Before training, we need to understand the distribution of our data.

In [None]:
import matplotlib.pyplot as plt

# Analyze GSM8K answer distribution
gsm8k_answers = []
for ex in gsm8k['train']:
    match = re.search(r'#### (\-?[\d,]+)', ex['answer'])
    if match:
        gsm8k_answers.append(float(match.group(1).replace(',', '')))

plt.figure(figsize=(12, 4))
plt.subplot(1, 2, 1)
plt.hist(gsm8k_answers, bins=50, edgecolor='black', alpha=0.7)
plt.xlabel('Answer Value')
plt.ylabel('Count')
plt.title('GSM8K Answer Distribution')
plt.subplot(1, 2, 2)
plt.hist([len(ex['answer'].split()) for ex in gsm8k['train']], bins=30, edgecolor='black', alpha=0.7)
plt.xlabel('Reasoning Length (words)')
plt.ylabel('Count')
plt.title('GSM8K Reasoning Trace Length')
plt.tight_layout()
plt.show()

**TODO 2: Analyze the insurance claims dataset.**

In [None]:
def analyze_claims_dataset(claims: List[InsuranceClaim]):
    """
    Produce exploratory data analysis plots for the insurance claims dataset.

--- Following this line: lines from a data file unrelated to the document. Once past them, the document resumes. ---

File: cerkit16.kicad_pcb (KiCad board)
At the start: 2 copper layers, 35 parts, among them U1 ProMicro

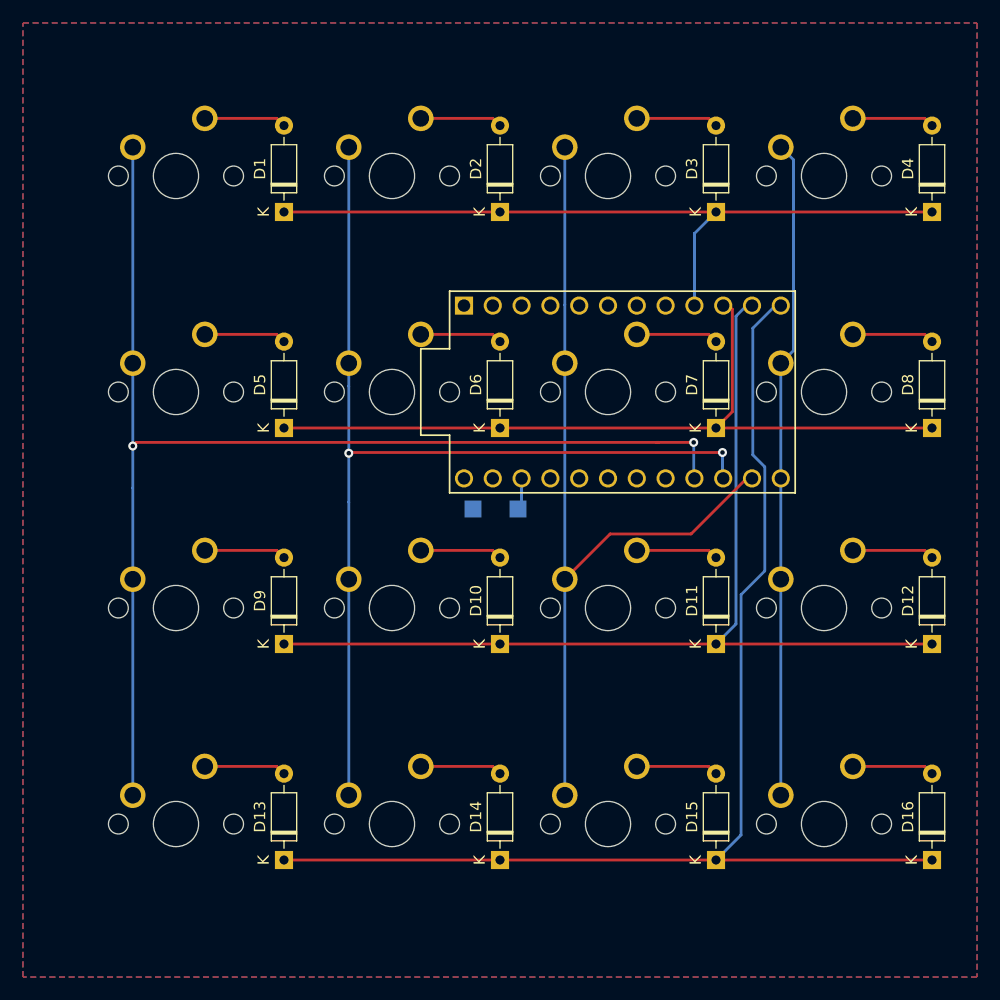
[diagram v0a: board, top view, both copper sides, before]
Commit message: Added edge cuts with curved corners
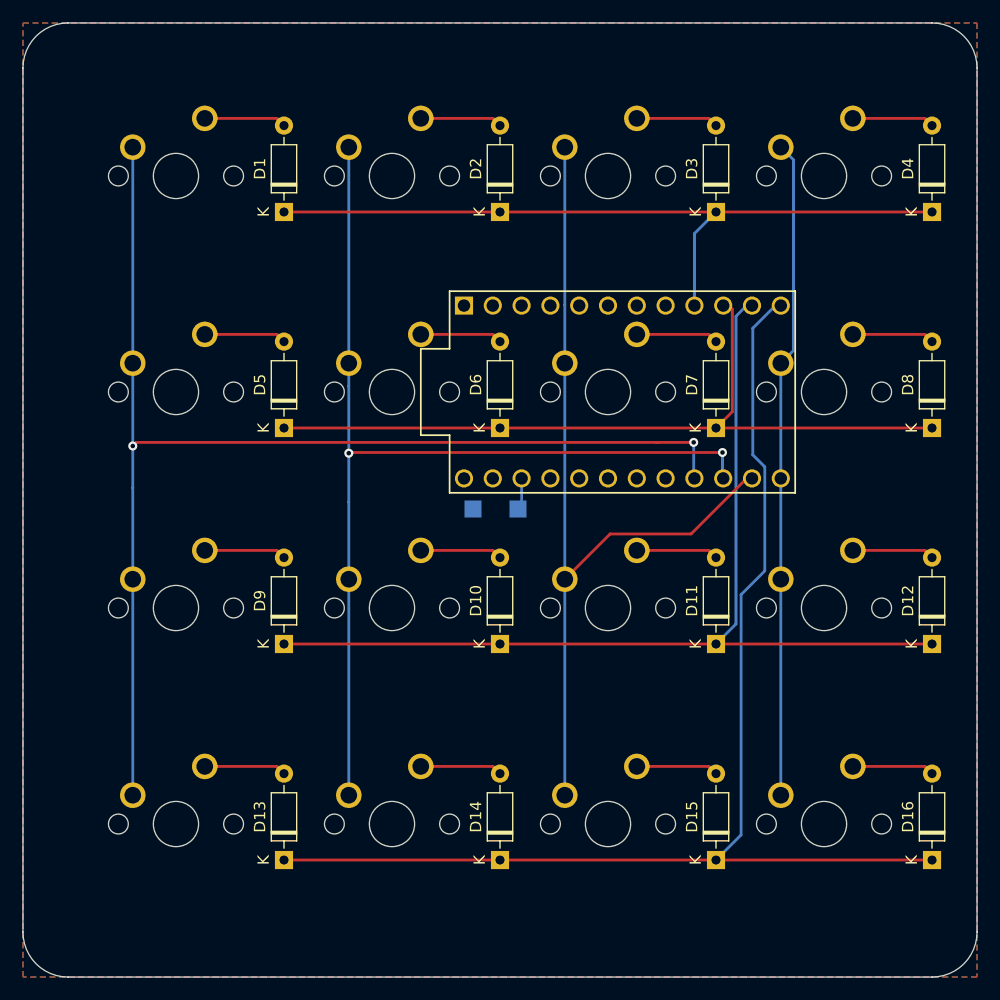
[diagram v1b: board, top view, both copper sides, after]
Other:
- board outline added: 84.1 x 84.1 mm

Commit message: reduced the board size
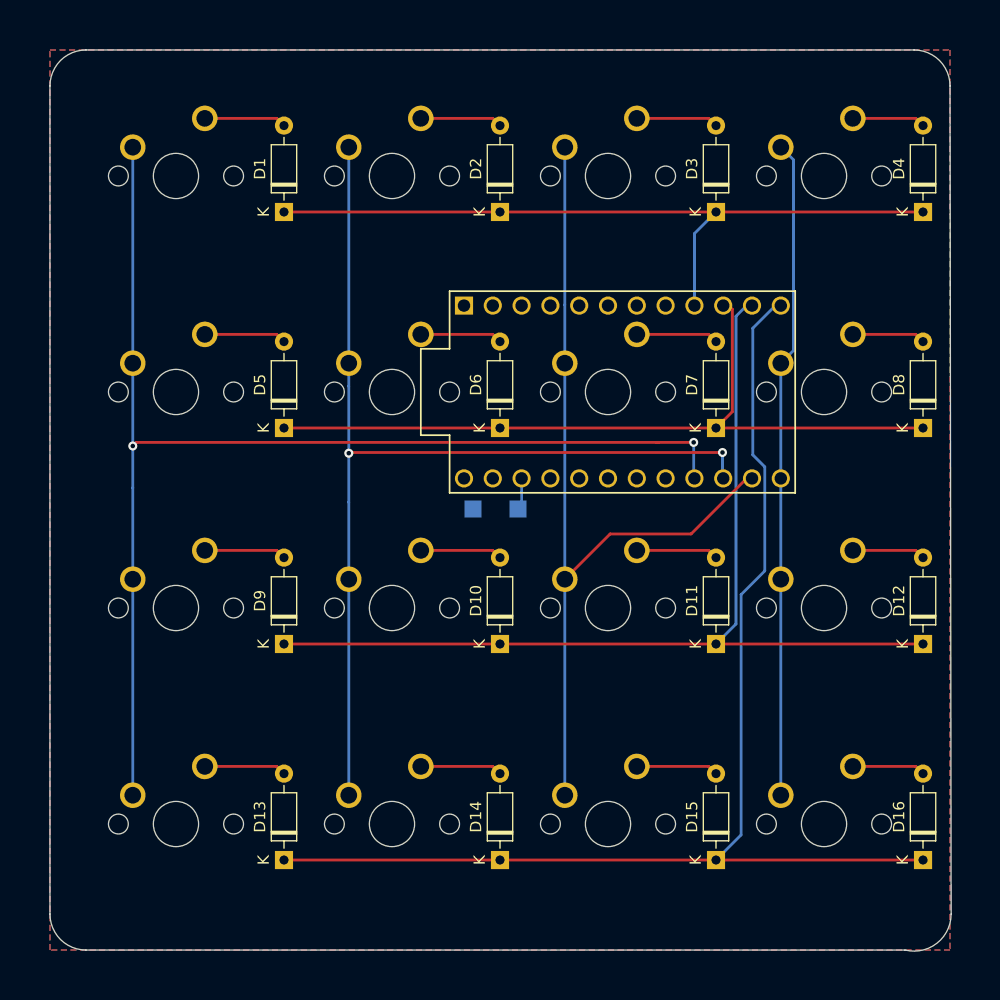
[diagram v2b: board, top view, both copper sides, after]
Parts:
- moved D12 0.79 mm to (115.1, 82.5)
- moved D16 0.79 mm to (115.1, 101.6)
- moved D4 0.79 mm to (115.1, 44.5)
- moved D8 0.79 mm to (115.1, 63.5)
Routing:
- net ROW2: track 88.8 -> 88.0 mm
- net ROW3: track 109.8 -> 109.0 mm
- net ROW1: track 69.3 -> 68.6 mm
- net ROW0: track 65.7 -> 64.9 mm
- net Net-(D8-Pad2): track 7.25 -> 6.45 mm
- net Net-(D4-Pad2): track 7.25 -> 6.45 mm
- net Net-(D16-Pad2): track 7.25 -> 6.45 mm
- net Net-(D12-Pad2): track 7.25 -> 6.45 mm
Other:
- board size 84.1 x 84.1 mm -> 79.5 x 79.5 mm

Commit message: added gerbers
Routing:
- removed copper zone on B.Cu, net GND
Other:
- board size 79.5 x 79.5 mm -> 76.2 x 76.2 mm

    Generate the following visualizations:
    1. Payout distribution by difficulty level (three overlapping histograms)
    2. Number of reasoning steps vs. payout amount (scatter plot)
    3. Distribution of policy parameters (deductibles, limits, depreciation rates)
    4. Correlation heatmap between policy parameters and payout amount

    Also compute and print:
    - Mean and median payout by difficulty level
    - Average number of reasoning steps by difficulty level
    - The fraction of claims where sub-limits affect the payout
    - The fraction of claims where the coverage limit caps the payout

    Hints:
        1. Use matplotlib with 2x2 subplots for the four visualizations
        2. For the correlation heatmap, extract numeric fields from policy_terms
        3. Pay attention to the relationship between number of steps and accuracy --
           this tells us how difficult multi-step reasoning is for the model
    """
    # TODO: Implement this function
    pass

analyze_claims_dataset(claims)

**Thought questions:**
- What does the relationship between reasoning length and accuracy tell you about why SFT alone is insufficient?
- If the payout distribution is heavily right-skewed (a few very large claims), how might this affect GRPO training?

---

## 3.3 Baseline: Direct Payout Prediction

Before building a reasoning model, we implement the current baseline -- a model that directly predicts the payout amount without intermediate steps.

In [None]:
from transformers import AutoModelForCausalLM, AutoTokenizer

# Use a small model for the baseline experiment
MODEL_NAME = "Qwen/Qwen2.5-0.5B"
tokenizer = AutoTokenizer.from_pretrained(MODEL_NAME)
model = AutoModelForCausalLM.from_pretrained(MODEL_NAME, torch_dtype=torch.float32)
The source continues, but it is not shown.